It is now Ashour's turn to focus, this time on the child whom Aziza is holding. Who is the child? Which of his children? Then he wants her to lift the child up, turn him to the sun, so he can see him better. When the child begins to cry, his father is joyful in hearing the young, wailing voice; he is also amused by the sound, "The boy's crying! The little so-and-so! Aziza, woman, keep him crying!" This sound must be like music to the father's ear. In the company of only frustrated men in the jail, the sound of his son is soothing.

Ashour continues to question his wife. He also asks why she is not speaking. Aziza tries to answer his questions with her hands or with nods of her head.
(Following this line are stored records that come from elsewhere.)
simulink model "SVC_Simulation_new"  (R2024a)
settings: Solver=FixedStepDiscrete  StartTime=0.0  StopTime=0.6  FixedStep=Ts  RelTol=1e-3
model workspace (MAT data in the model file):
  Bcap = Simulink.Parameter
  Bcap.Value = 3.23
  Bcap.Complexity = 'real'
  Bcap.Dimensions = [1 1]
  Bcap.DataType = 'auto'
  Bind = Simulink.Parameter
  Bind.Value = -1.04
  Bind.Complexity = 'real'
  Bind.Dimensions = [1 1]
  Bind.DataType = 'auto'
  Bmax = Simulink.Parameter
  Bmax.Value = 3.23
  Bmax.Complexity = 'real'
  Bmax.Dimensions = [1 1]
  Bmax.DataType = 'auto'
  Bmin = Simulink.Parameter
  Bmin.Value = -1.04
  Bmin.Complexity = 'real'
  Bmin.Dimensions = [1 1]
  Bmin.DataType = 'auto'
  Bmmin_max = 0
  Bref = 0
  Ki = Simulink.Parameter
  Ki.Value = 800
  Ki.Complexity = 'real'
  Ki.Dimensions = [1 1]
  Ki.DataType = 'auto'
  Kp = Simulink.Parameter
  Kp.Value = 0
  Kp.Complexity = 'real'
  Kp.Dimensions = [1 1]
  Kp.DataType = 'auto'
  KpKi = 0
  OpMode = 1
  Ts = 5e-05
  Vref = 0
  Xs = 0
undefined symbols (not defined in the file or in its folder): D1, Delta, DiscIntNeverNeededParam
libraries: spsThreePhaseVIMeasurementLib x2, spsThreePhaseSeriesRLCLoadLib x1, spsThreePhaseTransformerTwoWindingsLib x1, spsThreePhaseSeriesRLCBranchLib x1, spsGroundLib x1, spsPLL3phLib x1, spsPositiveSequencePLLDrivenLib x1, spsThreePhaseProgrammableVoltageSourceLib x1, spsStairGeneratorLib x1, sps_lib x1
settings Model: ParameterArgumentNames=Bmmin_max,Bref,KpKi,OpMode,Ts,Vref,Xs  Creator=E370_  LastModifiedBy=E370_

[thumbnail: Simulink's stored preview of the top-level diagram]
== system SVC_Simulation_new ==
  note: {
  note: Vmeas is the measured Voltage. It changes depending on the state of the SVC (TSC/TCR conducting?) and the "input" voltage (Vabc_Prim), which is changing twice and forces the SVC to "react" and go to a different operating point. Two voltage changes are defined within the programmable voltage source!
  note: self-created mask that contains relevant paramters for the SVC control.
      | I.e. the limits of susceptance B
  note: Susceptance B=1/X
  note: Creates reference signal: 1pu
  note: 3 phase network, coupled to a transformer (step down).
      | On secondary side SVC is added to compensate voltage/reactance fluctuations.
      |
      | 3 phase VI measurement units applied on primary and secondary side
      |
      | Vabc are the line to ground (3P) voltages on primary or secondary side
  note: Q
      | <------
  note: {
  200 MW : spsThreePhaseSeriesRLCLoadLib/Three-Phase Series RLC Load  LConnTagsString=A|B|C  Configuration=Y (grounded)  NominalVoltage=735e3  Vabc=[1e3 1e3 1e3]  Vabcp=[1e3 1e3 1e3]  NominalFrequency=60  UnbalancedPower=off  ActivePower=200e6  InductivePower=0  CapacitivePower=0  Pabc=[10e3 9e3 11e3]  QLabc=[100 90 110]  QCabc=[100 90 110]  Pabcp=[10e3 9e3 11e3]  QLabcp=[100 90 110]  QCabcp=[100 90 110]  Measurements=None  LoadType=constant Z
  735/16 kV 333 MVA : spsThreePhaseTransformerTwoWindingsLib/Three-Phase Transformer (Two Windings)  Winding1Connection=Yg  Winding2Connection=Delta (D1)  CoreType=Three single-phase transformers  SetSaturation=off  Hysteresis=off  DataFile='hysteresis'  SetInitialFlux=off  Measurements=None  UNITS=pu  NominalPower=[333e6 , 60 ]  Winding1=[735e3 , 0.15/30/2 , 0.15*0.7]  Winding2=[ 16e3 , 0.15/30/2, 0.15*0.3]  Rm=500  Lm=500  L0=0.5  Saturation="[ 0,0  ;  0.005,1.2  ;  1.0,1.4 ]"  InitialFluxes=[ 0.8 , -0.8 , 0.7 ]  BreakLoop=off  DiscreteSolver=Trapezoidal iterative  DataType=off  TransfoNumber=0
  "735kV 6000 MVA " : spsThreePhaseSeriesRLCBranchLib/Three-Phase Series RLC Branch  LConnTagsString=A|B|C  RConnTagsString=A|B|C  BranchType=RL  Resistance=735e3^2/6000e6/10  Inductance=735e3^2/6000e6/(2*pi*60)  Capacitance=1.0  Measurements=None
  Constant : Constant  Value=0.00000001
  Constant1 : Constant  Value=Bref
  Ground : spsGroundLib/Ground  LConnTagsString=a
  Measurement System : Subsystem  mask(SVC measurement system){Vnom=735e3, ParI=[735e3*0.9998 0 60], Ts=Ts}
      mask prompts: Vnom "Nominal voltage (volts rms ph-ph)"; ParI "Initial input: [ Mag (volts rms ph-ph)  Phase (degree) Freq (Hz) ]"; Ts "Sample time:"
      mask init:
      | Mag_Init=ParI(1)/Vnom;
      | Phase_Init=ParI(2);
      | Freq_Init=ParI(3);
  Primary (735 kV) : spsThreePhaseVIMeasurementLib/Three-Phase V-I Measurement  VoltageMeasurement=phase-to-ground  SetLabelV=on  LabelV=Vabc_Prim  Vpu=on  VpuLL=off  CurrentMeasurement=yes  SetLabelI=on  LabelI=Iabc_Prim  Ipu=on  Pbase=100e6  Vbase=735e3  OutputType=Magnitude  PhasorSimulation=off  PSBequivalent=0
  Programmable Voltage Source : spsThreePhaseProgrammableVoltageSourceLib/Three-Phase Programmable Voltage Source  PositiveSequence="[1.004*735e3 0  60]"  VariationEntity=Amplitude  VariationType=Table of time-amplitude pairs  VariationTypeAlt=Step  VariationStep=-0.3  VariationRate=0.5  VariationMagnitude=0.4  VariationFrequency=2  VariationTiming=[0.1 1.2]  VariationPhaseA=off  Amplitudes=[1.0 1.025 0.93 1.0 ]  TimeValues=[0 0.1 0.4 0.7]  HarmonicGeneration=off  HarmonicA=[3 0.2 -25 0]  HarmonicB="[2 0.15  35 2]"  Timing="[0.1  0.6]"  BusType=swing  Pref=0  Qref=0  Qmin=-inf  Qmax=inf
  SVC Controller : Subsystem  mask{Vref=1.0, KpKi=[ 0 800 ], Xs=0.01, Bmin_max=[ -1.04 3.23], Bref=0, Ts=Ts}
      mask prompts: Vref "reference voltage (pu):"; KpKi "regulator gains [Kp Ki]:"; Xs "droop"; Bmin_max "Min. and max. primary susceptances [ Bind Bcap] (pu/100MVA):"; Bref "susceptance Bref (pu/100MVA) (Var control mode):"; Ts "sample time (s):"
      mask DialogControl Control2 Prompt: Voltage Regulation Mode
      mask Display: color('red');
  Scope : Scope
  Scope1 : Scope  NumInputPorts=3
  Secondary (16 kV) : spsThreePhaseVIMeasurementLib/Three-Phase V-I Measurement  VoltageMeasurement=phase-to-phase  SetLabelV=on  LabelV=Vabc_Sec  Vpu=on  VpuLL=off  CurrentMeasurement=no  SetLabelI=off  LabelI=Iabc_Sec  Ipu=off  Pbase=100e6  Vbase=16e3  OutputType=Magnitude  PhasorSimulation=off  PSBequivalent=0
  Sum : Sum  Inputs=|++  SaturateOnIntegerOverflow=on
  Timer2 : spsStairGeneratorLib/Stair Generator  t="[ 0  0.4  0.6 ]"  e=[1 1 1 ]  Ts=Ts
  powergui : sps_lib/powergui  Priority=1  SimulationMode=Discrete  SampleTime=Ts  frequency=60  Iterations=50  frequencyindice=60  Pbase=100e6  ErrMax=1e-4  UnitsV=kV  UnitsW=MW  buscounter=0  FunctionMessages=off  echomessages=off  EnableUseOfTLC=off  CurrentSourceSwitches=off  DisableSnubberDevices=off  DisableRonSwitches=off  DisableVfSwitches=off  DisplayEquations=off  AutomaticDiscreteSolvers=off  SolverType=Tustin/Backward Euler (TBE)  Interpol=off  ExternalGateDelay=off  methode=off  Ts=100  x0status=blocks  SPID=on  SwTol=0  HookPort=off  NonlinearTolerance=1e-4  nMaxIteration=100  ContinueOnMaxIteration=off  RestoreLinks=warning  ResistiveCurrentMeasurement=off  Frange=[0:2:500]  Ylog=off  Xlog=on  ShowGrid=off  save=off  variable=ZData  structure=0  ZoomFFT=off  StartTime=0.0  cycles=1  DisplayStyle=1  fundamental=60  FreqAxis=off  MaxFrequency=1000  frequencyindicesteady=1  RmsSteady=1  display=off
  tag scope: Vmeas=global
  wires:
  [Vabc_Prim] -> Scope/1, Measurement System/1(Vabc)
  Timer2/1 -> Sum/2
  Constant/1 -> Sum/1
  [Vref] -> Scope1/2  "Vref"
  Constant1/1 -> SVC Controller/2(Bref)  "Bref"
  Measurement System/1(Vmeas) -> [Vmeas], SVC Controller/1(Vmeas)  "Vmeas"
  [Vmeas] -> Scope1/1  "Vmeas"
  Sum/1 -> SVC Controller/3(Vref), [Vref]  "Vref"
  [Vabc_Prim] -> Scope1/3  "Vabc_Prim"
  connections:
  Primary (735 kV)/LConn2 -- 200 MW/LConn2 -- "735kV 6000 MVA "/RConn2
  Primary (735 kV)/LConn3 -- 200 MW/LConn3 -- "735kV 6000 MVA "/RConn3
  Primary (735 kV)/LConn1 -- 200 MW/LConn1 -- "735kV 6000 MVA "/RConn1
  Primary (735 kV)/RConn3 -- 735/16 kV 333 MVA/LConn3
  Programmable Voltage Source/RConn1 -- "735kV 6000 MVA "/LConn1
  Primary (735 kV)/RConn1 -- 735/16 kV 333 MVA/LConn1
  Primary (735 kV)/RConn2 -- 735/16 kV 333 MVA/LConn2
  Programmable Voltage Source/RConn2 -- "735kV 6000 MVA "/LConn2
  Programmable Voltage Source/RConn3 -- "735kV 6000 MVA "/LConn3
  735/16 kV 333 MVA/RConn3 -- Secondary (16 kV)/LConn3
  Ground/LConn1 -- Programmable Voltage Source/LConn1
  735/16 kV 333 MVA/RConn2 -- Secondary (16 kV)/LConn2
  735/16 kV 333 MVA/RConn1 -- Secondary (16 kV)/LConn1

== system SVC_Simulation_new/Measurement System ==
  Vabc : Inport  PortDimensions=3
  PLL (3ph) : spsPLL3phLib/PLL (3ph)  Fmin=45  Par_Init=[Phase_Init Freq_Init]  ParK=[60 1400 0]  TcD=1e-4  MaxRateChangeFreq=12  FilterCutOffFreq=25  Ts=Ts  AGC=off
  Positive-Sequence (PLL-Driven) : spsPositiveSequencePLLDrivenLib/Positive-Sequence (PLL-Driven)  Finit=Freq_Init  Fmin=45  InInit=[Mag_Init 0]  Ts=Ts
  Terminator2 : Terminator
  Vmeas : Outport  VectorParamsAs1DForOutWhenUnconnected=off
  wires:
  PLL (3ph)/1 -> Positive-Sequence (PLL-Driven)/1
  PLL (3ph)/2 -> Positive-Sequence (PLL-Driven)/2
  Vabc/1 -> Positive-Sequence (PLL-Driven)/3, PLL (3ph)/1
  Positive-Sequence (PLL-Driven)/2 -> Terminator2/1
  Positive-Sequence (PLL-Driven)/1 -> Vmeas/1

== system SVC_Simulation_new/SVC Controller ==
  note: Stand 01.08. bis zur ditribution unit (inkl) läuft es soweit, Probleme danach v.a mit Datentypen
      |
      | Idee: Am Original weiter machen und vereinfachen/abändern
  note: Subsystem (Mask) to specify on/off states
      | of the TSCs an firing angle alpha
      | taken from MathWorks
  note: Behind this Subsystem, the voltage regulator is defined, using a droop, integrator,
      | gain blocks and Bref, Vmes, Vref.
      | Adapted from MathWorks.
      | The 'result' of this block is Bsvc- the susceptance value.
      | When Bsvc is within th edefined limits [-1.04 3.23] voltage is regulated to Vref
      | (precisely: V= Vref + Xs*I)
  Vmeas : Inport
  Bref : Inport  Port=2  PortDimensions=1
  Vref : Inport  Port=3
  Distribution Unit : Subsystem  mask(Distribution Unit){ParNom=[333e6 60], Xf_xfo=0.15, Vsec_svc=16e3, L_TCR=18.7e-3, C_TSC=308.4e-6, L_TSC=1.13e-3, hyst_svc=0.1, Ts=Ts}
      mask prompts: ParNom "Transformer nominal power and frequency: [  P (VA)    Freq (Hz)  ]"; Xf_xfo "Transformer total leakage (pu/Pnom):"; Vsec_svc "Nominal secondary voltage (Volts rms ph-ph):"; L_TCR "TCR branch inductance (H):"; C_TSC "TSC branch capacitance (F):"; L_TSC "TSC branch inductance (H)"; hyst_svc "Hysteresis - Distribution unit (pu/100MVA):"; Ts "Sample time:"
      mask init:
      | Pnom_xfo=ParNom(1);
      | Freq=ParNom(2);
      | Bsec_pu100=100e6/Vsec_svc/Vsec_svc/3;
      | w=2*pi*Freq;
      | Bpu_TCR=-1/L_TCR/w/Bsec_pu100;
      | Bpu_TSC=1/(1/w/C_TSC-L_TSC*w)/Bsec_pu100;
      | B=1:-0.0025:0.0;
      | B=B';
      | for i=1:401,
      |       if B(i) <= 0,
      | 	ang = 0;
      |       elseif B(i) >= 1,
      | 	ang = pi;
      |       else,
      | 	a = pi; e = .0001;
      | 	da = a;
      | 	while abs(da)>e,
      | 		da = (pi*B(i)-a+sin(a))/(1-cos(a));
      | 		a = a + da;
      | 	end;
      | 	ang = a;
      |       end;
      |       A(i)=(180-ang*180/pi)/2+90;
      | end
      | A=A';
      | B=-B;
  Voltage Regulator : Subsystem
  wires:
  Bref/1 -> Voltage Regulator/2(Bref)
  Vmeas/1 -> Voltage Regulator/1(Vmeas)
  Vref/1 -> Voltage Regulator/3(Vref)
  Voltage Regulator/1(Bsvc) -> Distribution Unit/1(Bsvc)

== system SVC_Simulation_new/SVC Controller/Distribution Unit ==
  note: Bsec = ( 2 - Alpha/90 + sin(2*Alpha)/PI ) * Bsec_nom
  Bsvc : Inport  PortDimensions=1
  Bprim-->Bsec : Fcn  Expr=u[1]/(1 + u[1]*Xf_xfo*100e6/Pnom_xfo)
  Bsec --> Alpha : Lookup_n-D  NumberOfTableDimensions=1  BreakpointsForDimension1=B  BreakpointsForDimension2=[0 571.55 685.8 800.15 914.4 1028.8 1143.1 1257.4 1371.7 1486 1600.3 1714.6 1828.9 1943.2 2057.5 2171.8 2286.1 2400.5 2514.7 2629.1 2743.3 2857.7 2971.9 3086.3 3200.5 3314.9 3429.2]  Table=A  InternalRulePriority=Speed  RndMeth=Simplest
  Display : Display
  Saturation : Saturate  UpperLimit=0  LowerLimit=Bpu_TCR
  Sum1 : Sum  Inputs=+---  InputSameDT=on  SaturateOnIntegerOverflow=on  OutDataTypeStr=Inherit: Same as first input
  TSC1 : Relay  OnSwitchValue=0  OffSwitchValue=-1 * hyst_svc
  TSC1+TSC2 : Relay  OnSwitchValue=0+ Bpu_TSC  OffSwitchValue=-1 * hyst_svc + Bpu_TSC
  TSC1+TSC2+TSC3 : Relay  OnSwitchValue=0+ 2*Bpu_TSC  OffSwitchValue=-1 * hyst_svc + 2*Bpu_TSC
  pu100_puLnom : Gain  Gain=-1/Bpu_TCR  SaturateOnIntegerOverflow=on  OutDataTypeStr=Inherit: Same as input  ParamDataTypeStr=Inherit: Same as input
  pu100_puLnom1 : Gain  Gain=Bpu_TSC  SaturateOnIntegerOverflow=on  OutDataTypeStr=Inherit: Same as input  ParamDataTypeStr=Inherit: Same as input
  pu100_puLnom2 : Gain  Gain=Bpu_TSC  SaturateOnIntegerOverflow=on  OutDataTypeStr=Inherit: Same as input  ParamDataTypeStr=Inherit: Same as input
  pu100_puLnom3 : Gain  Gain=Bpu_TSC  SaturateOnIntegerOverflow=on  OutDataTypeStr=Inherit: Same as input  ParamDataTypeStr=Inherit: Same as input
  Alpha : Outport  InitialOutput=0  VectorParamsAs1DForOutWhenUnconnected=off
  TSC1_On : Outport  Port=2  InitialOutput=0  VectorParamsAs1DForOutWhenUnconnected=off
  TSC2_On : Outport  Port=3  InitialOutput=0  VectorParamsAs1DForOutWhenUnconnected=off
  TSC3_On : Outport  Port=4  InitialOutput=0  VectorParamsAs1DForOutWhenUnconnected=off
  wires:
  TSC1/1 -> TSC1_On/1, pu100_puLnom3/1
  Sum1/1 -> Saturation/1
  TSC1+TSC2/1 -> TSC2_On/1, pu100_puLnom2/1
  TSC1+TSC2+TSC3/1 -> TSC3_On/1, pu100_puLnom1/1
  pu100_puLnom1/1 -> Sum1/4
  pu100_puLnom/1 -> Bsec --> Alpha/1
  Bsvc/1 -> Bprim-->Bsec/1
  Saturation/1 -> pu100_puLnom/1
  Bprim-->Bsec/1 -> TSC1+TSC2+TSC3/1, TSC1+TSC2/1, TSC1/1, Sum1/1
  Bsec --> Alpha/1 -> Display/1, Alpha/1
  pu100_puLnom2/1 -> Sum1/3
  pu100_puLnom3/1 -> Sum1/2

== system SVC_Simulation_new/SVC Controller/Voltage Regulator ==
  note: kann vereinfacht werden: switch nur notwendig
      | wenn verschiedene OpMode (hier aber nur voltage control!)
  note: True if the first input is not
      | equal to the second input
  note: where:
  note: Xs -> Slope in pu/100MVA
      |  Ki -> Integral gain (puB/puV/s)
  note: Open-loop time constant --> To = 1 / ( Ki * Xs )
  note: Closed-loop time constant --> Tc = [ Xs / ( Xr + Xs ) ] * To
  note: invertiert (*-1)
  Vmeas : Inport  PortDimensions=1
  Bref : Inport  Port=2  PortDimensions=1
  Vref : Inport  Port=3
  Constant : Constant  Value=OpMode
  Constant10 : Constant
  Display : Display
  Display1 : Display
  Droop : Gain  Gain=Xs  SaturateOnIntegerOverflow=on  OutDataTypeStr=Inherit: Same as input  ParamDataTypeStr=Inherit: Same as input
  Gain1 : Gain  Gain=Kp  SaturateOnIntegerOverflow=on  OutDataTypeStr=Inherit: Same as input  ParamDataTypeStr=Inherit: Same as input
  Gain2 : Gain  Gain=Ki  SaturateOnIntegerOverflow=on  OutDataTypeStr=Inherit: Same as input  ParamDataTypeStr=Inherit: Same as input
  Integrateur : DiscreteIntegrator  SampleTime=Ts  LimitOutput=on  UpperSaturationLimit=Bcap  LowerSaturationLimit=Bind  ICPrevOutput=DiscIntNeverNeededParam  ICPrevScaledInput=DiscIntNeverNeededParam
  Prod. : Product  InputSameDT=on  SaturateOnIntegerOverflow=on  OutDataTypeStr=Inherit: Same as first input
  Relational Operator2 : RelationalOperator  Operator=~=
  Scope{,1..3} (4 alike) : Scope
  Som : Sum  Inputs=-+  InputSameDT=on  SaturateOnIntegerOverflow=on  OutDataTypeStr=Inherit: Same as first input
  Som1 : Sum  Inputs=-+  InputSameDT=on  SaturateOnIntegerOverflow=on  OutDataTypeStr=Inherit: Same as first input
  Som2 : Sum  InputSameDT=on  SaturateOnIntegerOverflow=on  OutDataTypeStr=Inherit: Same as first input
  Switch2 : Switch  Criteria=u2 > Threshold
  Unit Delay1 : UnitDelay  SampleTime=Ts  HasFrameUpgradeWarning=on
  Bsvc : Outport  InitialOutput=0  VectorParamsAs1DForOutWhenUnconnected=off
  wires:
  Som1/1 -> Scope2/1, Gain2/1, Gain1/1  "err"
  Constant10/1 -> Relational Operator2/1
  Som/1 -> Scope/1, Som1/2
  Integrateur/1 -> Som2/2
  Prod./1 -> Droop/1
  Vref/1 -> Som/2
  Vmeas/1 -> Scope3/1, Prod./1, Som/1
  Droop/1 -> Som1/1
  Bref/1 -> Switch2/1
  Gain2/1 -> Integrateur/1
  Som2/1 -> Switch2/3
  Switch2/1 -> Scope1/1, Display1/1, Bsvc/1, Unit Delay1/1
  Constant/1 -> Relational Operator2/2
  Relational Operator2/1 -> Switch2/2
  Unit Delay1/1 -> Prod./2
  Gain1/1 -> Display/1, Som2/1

Finally, at Ashour's prompting, she vocalizes a response. "Louder, woman," Ashour replies, and Aziza complies. She confirms that she brought the cigarettes that he requested, and Ashour disappears from the window. In his absence, other men take his place. They are crude men who make obscene gestures at Aziza.

Aziza steals a glance at the policeman on his horse. She has spoken, despite, the reader can assume, a rule that denied her this privilege. The policeman seems oblivious, as does the soldier, who "had taken off his helmet." The heat of the day seem to have affected them, making them sleepy and uninterested in the conversation that is taking place.

Ashour reports to Aziza that instead of the five packets of cigarettes, he has only found three. He questions her, criticizes her, then steps away from the window momentarily and returns to apologize. "Never mind," he tells her, "a couple got taken, it doesn't matter." But of course it does. He needed five packets, but he understands that in prison, he has no choice but to acquiesce to others who have power over him. He tries to regain his composure; tries to calm her in an attempt to calm himself. To do this, he brings up another topic. Did she build the wall, he asks. When she tells him that she did not, he tells her that's alright, then reminds her to be careful on the tram. He next remembers that he is being transferred. Did she know? He does not know where they will take him, but he commands her not to return to this place. His last words to her are only to call out her name. He then gestures for her to move away, and he disappears from the window.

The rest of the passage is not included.